Stored items from a collection:
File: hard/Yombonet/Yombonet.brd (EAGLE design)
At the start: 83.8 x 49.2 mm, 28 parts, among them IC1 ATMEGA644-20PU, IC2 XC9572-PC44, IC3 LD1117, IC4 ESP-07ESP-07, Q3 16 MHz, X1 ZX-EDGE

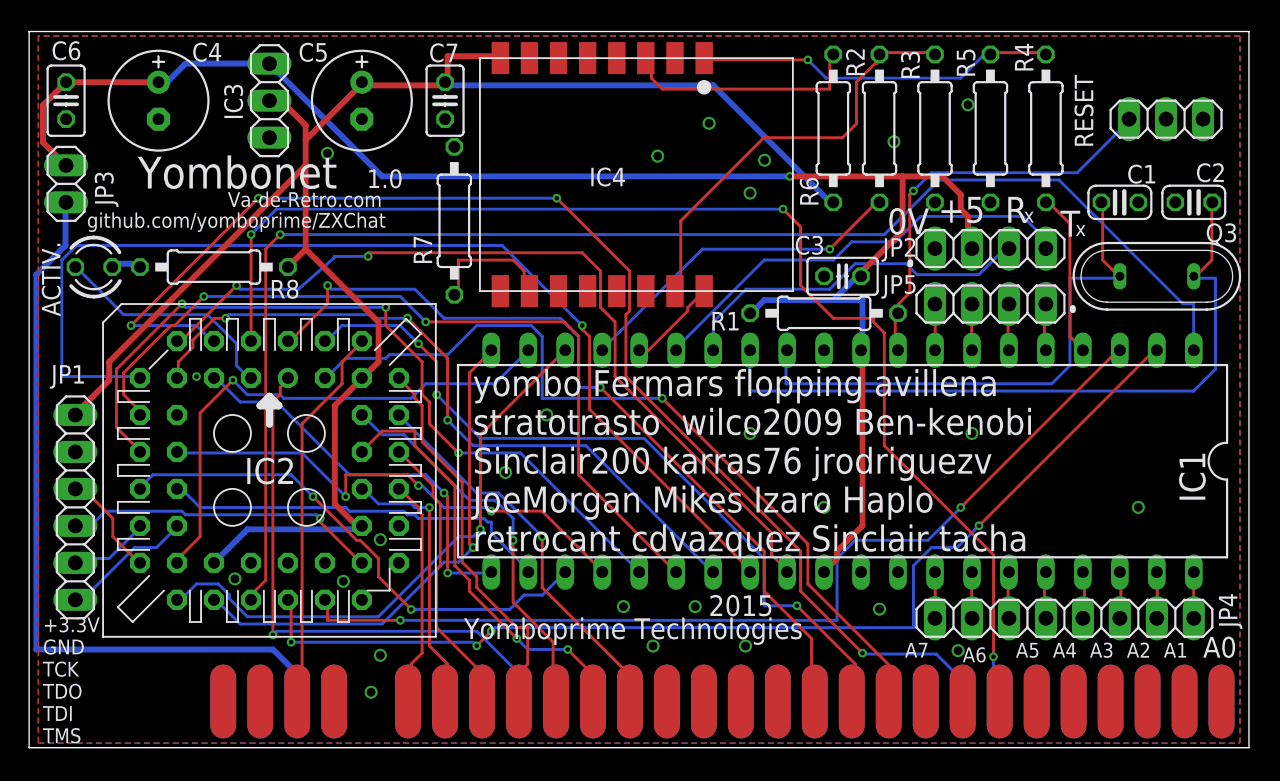
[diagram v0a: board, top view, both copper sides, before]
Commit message: Esquematico: Cambiados varios conectores a uno solo de 2x6
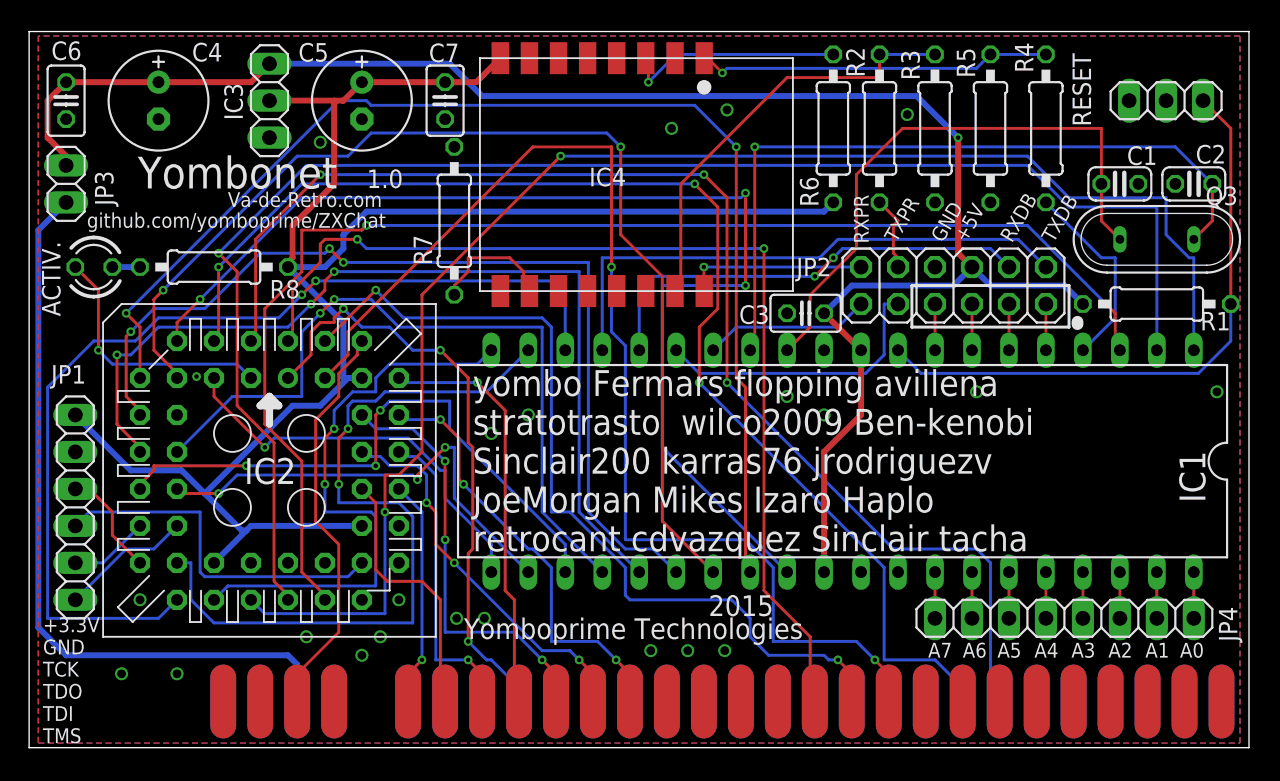
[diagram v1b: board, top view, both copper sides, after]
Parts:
- removed JP5: (no value), pinhead:1X04
- JP2: value PROG/COMM -> (none); device pinhead:1X04 -> pinhead:2X06
- moved R1 22.9 mm to (77.5, 30.5)
- moved JP2 3.59 mm to (63.5, 31.8), turned to 0 degrees
- moved C3 3.59 mm to (53.3, 29.8)
- moved Q3 2.54 mm to (77.5, 34.9)
- moved RESET 1.27 mm to (78.1, 44.5), turned to 180 degrees
- moved C1 1.27 mm to (74.9, 38.7)
- moved C2 1.27 mm to (80.0, 38.7)
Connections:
- new net RX0_5V_J: IC4.16, JP2.2
- new net TX0_5V_J: JP2.4, R2.2
- net +5V: now also JP2.8; no longer JP2.3
- net GND: now also IC2.25, IC2.27, IC2.28, IC2.29, JP2.6; no longer JP2.4
- net IO4: now also JP2.11; no longer JP5.1
- net IO5: now also JP2.9; no longer JP5.2
- net IO6: now also JP2.7; no longer JP5.3
- net IO7: now also JP2.5; no longer JP5.4
- net RX0_5V: now also JP2.1; no longer JP2.2
- net RX1_5V: now also JP2.10; no longer IC4.16
- net TX0_5V: now also JP2.3; no longer JP2.1
- net TX1_5V: now also JP2.12; no longer R2.2
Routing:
- net FLAG_WR1: track 73.5 -> 103.8 mm, vias 4 -> 1
- net RD_UC: track 39.6 -> 68.6 mm, vias 1 -> 2
- net BUSDATOSUC5: track 49.3 -> 75.1 mm, vias 3 -> 2
- net RX1_5V: track 6.33 -> 31.8 mm, vias 0 -> 2
- net WR_SINCLAIR: track 56.7 -> 81.4 mm, vias 1 -> 2
- net FLAG_WR0: track 66.1 -> 89.3 mm
- net BUSDATOSUC7: track 58.6 -> 79.3 mm, vias 2 -> 3
- net WR_UC: track 36.3 -> 53.1 mm, vias 1 -> 2
- net BUSDATOSUC2: track 34.8 -> 51.4 mm, vias 3 -> 2
- net TX1_5V: track 23.3 -> 38.1 mm, vias 1 -> 0
- net IORQ_SINCLAIR: track 56.5 -> 71.0 mm
- net RX0_5V: track 25.0 -> 11.5 mm
- net RESET_UC: track 28.5 -> 41.7 mm, vias 1 -> 0
- net RX0_5V_J: track 0.00 -> 12.4 mm, vias 0 -> 1
- net TX0_5V: track 30.5 -> 19.9 mm
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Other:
- board text added: "+5V"
- board text added: "GND"
- board text added: "RXDB"
- board text added: "RXPR"
- board text added: "TXDB"
- board text added: "TXPR"
- board text removed: "+5"
- board text removed: "0V"
- board text removed: "R"
- board text removed: "T"
- board text removed: "x"

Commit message: PCB: Cambios en pistas, serigrafia y posicion vias
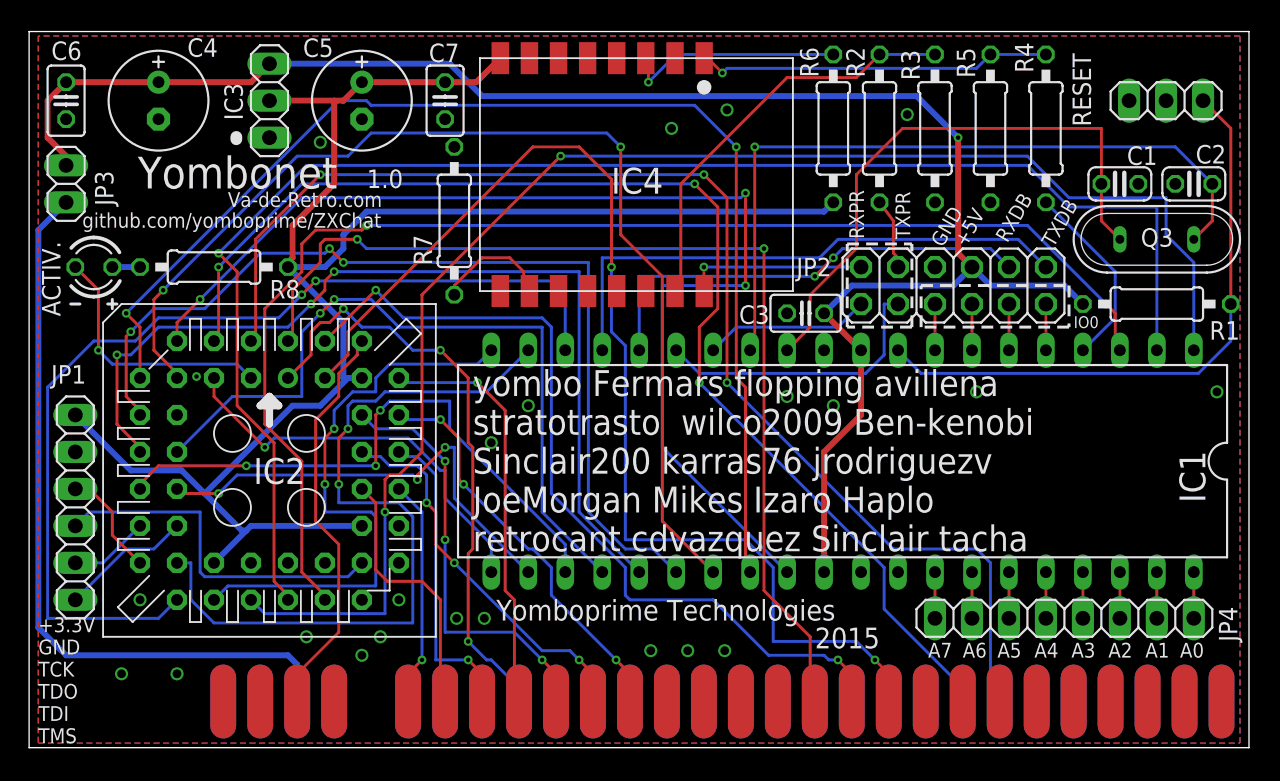
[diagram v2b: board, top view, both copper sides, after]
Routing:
- net ADDR_SINCLAIR2: track 86.6 -> 84.5 mm
- net BUSDATOSSINCLAIR4: track 29.8 -> 27.9 mm
- net RD_SINCLAIR: track 59.8 -> 58.3 mm
- net WR_SINCLAIR: track 81.4 -> 80.1 mm
- net N$1: track 29.6 -> 28.7 mm
- net RST_WIFI: track 13.6 -> 13.1 mm
- net GPIO15_PULLDOWN: track 8.64 -> 8.08 mm
- net FLAG_WR0: track 89.3 -> 88.8 mm
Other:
- board text added: "IO0"

• Exercise requirements
Could you set down, exactly as written, the lines above between the one holding "- moved C1 1.27 mm to (74.9, 38.7)" and the one holding "- net TX1_5V: track", inclusive, and nothing more?

• Answer to the problem
- moved C1 1.27 mm to (74.9, 38.7)
- moved C2 1.27 mm to (80.0, 38.7)
Connections:
- new net RX0_5V_J: IC4.16, JP2.2
- new net TX0_5V_J: JP2.4, R2.2
- net +5V: now also JP2.8; no longer JP2.3
- net GND: now also IC2.25, IC2.27, IC2.28, IC2.29, JP2.6; no longer JP2.4
- net IO4: now also JP2.11; no longer JP5.1
- net IO5: now also JP2.9; no longer JP5.2
- net IO6: now also JP2.7; no longer JP5.3
- net IO7: now also JP2.5; no longer JP5.4
- net RX0_5V: now also JP2.1; no longer JP2.2
- net RX1_5V: now also JP2.10; no longer IC4.16
- net TX0_5V: now also JP2.3; no longer JP2.1
- net TX1_5V: now also JP2.12; no longer R2.2
Routing:
- net FLAG_WR1: track 73.5 -> 103.8 mm, vias 4 -> 1
- net RD_UC: track 39.6 -> 68.6 mm, vias 1 -> 2
- net BUSDATOSUC5: track 49.3 -> 75.1 mm, vias 3 -> 2
- net RX1_5V: track 6.33 -> 31.8 mm, vias 0 -> 2
- net WR_SINCLAIR: track 56.7 -> 81.4 mm, vias 1 -> 2
- net FLAG_WR0: track 66.1 -> 89.3 mm
- net BUSDATOSUC7: track 58.6 -> 79.3 mm, vias 2 -> 3
- net WR_UC: track 36.3 -> 53.1 mm, vias 1 -> 2
- net BUSDATOSUC2: track 34.8 -> 51.4 mm, vias 3 -> 2
- net TX1_5V: track 23.3 -> 38.1 mm, vias 1 -> 0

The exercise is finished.